Each line from the one that contains "# 草图1 → 凸台-拉伸1 (new body)" to the last line of the records below must be restated word for word.

◆ Records from a data collection ◆

----------

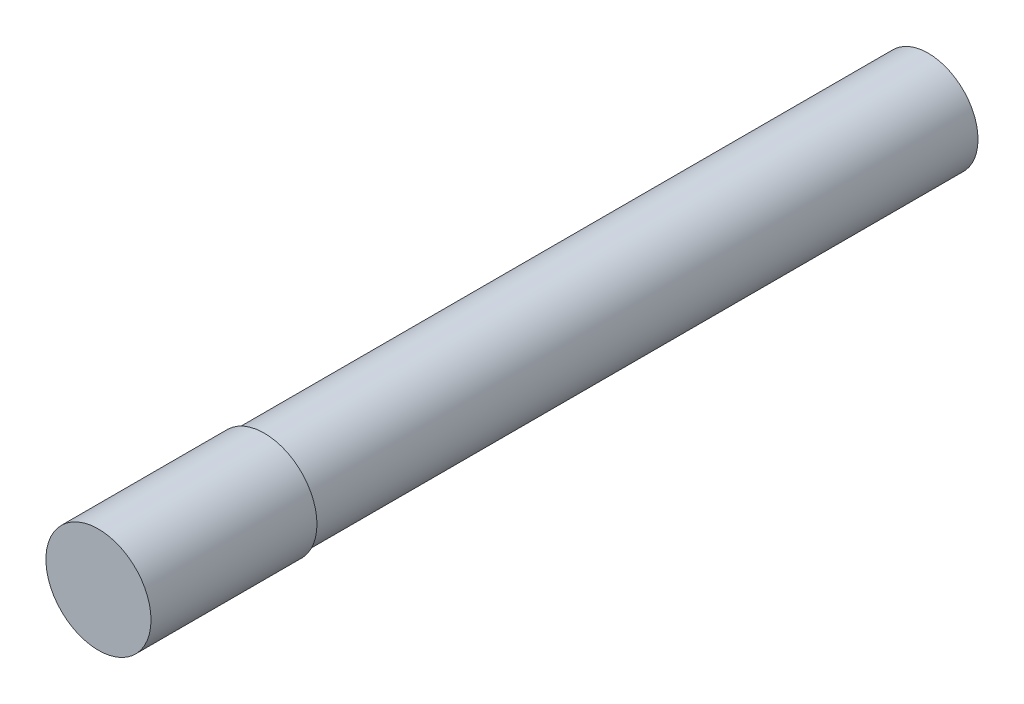
from build123d import *

# Parameters (mm, degrees)
SKETCH1_R    = 9
BARREL_DEPTH = 120
SKETCH2_R    = 9.5
CAP_DEPTH    = 30


with BuildPart() as part:
    # Sketch1 → Barrel (new body)
    with BuildSketch(Plane.XY):
        Circle(SKETCH1_R)
    extrude(amount=BARREL_DEPTH)

    # Sketch2 → Cap (add)
    with BuildSketch(Plane.XY.offset(120)):
        Circle(SKETCH2_R)
    extrude(amount=CAP_DEPTH)


solid = part.part
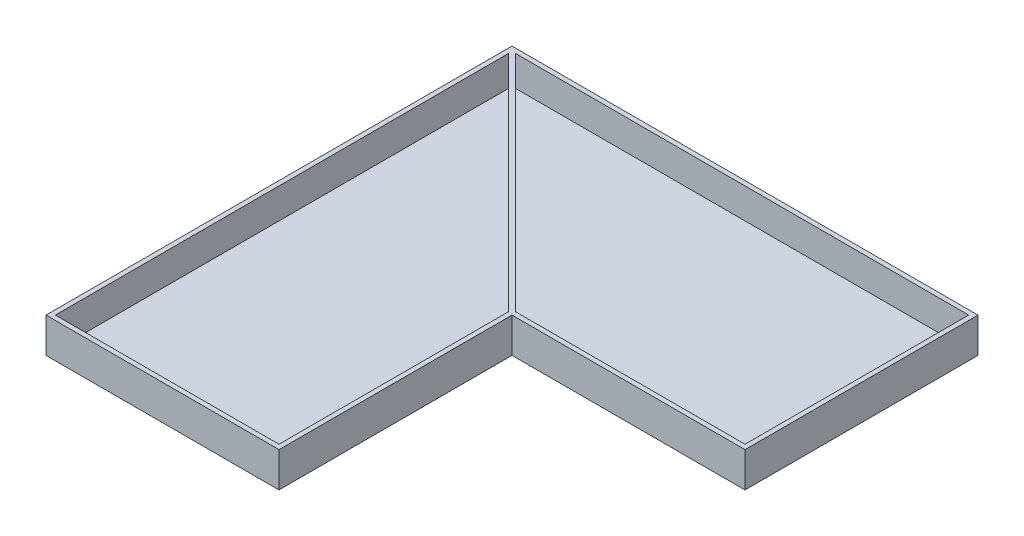
from build123d import *

# Parameters (mm, degrees)
EXTRUDE_1_DEPTH = 20
EXTRUDE_2_DEPTH = 130


with BuildPart() as part:
    # 草图1 → 凸台-拉伸1 (new body)
    with BuildSketch(Plane(origin=(0, 0, 0), x_dir=(1, 0, 0), z_dir=(0, 1, 0))):
        Polygon((0, 0), (0, -2000), (1000, -2000), (1000, -1000), (2000, -1000), (2000, 0), align=None)
    extrude(amount=EXTRUDE_1_DEPTH)

    # 草图3 → 凸台-拉伸2 (add)
    with BuildSketch(Plane(origin=(0, 20, 0), x_dir=(1, 0, 0), z_dir=(0, 1, 0))):
        Polygon((0, -2000), (1000, -2000), (1000, -1000), (2000, -1000), (2000, 0), (0, 0), align=None)
        Polygon((20, -34.142135624), (20, -1980), (980, -1980), (980, -994.142135624), align=None, mode=Mode.SUBTRACT)
        Polygon((994.142135624, -980), (1980, -980), (1980, -20), (34.142135624, -20), align=None, mode=Mode.SUBTRACT)
    extrude(amount=EXTRUDE_2_DEPTH)


solid = part.part

----------

◆ Exercise response ◆
    # 草图1 → 凸台-拉伸1 (new body)
    with BuildSketch(Plane(origin=(0, 0, 0), x_dir=(1, 0, 0), z_dir=(0, 1, 0))):
        Polygon((0, 0), (0, -2000), (1000, -2000), (1000, -1000), (2000, -1000), (2000, 0), align=None)
    extrude(amount=EXTRUDE_1_DEPTH)

    # 草图3 → 凸台-拉伸2 (add)
    with BuildSketch(Plane(origin=(0, 20, 0), x_dir=(1, 0, 0), z_dir=(0, 1, 0))):
        Polygon((0, -2000), (1000, -2000), (1000, -1000), (2000, -1000), (2000, 0), (0, 0), align=None)
        Polygon((20, -34.142135624), (20, -1980), (980, -1980), (980, -994.142135624), align=None, mode=Mode.SUBTRACT)
        Polygon((994.142135624, -980), (1980, -980), (1980, -20), (34.142135624, -20), align=None, mode=Mode.SUBTRACT)
    extrude(amount=EXTRUDE_2_DEPTH)


solid = part.part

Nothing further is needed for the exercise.